*** RECORDS PROVIDED
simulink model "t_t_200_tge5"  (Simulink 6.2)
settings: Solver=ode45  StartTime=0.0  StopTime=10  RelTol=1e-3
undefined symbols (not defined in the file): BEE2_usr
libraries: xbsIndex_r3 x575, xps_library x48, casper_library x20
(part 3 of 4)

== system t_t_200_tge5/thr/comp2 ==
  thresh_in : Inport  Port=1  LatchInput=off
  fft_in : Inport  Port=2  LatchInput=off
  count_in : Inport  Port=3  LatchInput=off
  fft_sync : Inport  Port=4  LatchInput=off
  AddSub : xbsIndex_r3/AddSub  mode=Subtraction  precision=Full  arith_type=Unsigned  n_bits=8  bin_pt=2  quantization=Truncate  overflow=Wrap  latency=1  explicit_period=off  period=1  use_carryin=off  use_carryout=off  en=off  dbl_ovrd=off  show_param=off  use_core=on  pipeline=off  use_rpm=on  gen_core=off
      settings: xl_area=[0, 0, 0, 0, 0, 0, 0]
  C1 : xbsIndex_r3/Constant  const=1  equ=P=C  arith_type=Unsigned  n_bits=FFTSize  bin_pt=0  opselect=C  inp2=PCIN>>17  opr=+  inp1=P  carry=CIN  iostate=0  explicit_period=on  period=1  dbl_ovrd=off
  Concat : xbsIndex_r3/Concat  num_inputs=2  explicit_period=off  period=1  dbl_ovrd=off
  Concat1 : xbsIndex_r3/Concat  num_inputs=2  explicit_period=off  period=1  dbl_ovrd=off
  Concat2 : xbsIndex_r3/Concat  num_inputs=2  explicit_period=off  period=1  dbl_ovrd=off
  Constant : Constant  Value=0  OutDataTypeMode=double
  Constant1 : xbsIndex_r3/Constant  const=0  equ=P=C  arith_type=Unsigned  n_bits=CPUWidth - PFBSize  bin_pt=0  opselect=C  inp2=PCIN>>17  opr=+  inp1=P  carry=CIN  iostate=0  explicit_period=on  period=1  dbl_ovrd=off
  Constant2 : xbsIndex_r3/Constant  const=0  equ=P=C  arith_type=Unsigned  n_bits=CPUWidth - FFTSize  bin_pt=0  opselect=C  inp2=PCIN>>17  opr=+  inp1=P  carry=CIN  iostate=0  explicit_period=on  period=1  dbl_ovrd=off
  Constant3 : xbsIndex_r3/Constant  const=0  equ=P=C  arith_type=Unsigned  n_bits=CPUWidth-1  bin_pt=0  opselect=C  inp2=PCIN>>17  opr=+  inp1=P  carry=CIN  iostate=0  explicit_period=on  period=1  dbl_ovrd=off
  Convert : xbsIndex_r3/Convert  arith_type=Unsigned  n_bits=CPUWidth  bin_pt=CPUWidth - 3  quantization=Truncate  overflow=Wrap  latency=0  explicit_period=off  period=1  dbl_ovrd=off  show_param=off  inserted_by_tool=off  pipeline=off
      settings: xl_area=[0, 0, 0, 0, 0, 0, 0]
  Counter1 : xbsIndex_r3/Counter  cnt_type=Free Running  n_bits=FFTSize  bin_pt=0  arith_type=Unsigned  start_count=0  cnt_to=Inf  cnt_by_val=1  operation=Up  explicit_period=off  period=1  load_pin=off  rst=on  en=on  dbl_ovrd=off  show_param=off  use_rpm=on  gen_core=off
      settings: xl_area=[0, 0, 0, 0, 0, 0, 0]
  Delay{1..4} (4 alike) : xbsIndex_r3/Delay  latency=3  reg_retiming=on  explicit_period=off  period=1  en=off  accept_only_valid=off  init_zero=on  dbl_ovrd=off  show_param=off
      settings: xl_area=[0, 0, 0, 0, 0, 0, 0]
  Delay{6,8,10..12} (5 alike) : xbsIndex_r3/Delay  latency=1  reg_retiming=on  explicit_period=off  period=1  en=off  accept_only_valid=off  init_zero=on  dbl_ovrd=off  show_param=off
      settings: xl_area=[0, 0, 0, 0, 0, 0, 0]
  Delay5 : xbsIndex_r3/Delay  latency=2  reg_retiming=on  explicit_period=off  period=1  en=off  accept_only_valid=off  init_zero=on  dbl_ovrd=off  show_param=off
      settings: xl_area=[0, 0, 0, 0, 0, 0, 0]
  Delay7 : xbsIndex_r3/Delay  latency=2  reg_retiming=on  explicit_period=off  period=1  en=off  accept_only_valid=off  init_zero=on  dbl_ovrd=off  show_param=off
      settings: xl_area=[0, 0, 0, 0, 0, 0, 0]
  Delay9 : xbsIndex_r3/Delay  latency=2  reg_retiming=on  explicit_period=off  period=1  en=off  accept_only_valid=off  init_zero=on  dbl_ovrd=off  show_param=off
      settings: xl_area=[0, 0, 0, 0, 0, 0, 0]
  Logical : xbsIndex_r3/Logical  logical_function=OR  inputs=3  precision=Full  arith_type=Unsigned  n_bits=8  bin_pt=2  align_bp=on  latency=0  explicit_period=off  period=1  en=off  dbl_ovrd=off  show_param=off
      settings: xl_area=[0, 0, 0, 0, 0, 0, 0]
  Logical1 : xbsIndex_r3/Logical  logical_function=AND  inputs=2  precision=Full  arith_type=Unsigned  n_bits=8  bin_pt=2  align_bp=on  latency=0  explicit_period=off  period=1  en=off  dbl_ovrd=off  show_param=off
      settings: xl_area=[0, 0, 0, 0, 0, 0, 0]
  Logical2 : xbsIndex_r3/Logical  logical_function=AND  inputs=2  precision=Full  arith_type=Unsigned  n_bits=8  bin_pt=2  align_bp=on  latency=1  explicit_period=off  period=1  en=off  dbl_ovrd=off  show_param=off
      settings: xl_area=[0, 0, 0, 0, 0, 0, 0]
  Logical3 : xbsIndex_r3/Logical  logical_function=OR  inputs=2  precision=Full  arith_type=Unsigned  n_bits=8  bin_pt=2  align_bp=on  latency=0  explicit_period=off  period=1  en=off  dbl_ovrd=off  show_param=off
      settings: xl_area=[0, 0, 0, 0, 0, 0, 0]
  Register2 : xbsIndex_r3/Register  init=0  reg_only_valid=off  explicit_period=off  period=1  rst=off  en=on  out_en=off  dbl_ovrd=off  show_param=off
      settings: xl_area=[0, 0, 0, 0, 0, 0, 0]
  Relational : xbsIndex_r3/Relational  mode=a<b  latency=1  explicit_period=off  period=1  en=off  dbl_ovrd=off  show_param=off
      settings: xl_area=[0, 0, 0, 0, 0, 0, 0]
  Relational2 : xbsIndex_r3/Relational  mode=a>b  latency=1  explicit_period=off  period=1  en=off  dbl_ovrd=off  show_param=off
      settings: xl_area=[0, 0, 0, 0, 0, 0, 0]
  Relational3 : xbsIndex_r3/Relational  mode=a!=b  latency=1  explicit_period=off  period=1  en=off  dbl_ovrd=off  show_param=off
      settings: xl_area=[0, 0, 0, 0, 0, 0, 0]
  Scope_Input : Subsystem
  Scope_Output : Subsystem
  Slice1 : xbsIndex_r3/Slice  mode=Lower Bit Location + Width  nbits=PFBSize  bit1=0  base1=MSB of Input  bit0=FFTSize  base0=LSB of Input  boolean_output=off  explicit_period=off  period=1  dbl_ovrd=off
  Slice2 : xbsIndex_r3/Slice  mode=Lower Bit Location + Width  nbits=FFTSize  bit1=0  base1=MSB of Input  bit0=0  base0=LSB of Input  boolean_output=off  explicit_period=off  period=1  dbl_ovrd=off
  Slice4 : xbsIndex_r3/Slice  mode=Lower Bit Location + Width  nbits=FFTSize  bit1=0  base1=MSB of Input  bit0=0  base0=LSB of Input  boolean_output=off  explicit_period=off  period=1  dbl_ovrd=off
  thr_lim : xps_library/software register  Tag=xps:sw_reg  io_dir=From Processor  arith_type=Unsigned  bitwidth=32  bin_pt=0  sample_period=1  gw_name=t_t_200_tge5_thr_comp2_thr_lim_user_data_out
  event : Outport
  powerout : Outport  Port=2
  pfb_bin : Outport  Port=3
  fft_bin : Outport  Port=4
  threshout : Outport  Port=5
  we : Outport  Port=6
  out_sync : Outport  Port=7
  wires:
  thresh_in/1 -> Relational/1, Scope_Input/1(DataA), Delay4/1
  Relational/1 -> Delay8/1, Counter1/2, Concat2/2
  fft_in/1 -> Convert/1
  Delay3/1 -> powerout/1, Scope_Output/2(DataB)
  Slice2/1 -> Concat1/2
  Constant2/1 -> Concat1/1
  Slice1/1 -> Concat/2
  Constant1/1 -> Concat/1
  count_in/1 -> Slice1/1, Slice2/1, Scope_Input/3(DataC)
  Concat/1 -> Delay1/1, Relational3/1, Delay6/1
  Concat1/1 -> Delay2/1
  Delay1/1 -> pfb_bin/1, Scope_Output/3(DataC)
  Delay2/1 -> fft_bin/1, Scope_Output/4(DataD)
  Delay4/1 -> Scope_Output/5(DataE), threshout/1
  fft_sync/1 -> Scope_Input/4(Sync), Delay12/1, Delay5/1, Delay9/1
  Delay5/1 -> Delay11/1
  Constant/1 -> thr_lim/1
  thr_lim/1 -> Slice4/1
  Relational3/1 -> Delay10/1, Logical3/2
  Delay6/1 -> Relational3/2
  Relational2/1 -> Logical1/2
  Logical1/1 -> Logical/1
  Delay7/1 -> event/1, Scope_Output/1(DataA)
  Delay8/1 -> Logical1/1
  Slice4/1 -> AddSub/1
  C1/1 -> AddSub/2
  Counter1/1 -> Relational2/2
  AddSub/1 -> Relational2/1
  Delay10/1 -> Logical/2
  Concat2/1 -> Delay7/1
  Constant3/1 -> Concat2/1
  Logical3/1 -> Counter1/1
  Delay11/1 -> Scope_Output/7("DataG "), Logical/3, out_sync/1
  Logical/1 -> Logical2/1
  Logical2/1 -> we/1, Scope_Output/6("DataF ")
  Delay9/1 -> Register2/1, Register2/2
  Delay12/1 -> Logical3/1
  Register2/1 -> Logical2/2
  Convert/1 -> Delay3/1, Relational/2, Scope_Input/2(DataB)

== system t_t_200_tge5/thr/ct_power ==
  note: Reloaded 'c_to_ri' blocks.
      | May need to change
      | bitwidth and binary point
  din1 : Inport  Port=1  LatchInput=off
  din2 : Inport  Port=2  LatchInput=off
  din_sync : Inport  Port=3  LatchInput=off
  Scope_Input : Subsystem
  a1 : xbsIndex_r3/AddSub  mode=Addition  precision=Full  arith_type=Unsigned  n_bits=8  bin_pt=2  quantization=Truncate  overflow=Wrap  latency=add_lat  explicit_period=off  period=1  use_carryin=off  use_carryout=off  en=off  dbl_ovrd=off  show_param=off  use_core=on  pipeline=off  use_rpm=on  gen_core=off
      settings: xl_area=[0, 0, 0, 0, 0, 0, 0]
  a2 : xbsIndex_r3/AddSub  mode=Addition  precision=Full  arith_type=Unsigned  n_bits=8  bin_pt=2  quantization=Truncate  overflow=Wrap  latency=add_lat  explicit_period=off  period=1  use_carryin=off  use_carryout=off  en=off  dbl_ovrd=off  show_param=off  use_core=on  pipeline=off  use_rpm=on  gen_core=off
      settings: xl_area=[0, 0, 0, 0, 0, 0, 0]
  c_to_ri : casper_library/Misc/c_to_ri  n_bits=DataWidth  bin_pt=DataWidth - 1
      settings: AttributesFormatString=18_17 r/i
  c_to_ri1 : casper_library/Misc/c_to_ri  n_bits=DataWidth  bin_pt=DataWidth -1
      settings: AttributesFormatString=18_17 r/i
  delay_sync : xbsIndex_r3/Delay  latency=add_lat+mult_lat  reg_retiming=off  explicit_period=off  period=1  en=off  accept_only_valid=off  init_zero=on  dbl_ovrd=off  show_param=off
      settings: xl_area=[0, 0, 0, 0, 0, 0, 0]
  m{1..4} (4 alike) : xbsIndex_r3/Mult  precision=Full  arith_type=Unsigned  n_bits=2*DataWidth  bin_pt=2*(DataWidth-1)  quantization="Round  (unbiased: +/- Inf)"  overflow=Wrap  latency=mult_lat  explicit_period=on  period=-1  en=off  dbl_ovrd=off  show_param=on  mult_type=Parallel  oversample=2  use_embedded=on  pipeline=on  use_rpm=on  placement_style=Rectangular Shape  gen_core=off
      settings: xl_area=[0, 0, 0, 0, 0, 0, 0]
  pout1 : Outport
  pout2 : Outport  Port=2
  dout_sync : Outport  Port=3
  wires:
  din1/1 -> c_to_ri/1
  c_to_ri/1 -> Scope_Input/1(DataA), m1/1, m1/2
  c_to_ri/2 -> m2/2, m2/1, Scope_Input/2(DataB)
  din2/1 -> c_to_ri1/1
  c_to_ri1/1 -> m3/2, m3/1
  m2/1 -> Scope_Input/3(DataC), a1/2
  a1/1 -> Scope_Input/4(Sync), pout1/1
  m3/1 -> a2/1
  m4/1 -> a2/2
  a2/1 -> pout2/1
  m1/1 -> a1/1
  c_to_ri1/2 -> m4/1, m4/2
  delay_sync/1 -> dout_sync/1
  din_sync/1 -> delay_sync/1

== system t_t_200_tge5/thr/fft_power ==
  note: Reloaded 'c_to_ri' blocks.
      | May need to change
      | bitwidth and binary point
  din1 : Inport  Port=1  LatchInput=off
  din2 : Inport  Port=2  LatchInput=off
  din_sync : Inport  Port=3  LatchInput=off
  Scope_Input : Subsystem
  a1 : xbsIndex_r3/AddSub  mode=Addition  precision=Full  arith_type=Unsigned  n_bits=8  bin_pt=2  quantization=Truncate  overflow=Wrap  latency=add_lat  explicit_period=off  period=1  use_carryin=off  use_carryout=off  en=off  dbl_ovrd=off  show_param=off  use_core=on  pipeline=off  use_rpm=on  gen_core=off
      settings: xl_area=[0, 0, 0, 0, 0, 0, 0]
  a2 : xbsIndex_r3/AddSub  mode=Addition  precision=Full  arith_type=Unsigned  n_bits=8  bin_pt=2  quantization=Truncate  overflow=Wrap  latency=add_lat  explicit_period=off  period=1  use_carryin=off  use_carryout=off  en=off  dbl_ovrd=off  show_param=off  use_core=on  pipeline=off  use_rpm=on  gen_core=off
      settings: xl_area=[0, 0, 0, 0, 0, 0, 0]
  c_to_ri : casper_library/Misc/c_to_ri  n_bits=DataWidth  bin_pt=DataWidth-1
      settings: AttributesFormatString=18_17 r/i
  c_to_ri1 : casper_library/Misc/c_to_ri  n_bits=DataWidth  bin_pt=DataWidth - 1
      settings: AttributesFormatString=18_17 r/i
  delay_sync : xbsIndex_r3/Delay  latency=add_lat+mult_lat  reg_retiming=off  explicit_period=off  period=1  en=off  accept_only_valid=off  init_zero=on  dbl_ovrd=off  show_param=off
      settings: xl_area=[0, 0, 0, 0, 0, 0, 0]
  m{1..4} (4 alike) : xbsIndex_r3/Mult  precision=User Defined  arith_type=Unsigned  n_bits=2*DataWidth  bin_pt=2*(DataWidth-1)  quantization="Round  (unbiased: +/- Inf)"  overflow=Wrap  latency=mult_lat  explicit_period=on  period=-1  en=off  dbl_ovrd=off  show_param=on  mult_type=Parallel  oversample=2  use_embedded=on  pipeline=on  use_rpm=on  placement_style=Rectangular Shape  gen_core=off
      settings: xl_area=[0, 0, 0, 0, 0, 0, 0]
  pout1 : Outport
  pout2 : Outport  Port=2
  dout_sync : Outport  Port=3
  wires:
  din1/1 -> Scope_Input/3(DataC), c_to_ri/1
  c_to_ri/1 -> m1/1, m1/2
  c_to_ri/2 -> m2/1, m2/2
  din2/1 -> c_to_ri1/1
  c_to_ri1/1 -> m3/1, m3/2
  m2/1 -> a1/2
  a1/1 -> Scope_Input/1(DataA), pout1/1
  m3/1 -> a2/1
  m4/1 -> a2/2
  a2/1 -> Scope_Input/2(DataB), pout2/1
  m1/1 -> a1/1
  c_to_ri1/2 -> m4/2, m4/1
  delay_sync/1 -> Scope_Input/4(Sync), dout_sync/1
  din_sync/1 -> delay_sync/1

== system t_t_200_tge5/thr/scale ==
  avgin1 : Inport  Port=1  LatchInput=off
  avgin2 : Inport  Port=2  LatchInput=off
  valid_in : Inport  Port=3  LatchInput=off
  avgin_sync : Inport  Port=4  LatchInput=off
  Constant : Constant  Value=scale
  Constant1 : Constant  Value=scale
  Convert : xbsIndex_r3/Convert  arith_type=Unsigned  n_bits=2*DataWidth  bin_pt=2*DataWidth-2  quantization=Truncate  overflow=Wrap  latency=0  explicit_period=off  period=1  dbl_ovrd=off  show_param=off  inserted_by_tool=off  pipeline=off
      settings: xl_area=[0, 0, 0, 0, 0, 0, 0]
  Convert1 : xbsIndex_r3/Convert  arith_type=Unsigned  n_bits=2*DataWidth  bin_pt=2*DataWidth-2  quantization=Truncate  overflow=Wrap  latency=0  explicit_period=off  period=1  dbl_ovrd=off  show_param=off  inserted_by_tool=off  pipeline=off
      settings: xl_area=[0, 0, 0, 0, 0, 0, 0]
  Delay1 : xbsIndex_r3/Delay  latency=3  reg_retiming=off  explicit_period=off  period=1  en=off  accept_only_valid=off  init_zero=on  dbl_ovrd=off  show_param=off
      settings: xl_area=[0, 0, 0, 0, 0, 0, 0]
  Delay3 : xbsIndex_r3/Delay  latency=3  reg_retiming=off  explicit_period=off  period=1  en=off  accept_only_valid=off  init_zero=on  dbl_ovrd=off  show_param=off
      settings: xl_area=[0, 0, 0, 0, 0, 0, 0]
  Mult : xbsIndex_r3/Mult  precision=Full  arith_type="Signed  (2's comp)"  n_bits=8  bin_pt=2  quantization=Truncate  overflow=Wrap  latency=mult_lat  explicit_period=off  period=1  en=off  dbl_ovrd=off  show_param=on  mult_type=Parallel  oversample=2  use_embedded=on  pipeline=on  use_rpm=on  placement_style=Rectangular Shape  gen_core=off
******
* _PROBLEM TO WORK ON_: Starting at the line above that contains "c_to_ri/1 -> Scope_Input/1(DataA), m1/1, m1/2", write out each line exactly until the line that contains "delay_sync/1 -> dout_sync/1" has been written, and stop there.

* _RESPONSE_:
  c_to_ri/1 -> Scope_Input/1(DataA), m1/1, m1/2
  c_to_ri/2 -> m2/2, m2/1, Scope_Input/2(DataB)
  din2/1 -> c_to_ri1/1
  c_to_ri1/1 -> m3/2, m3/1
  m2/1 -> Scope_Input/3(DataC), a1/2
  a1/1 -> Scope_Input/4(Sync), pout1/1
  m3/1 -> a2/1
  m4/1 -> a2/2
  a2/1 -> pout2/1
  m1/1 -> a1/1
  c_to_ri1/2 -> m4/1, m4/2
  delay_sync/1 -> dout_sync/1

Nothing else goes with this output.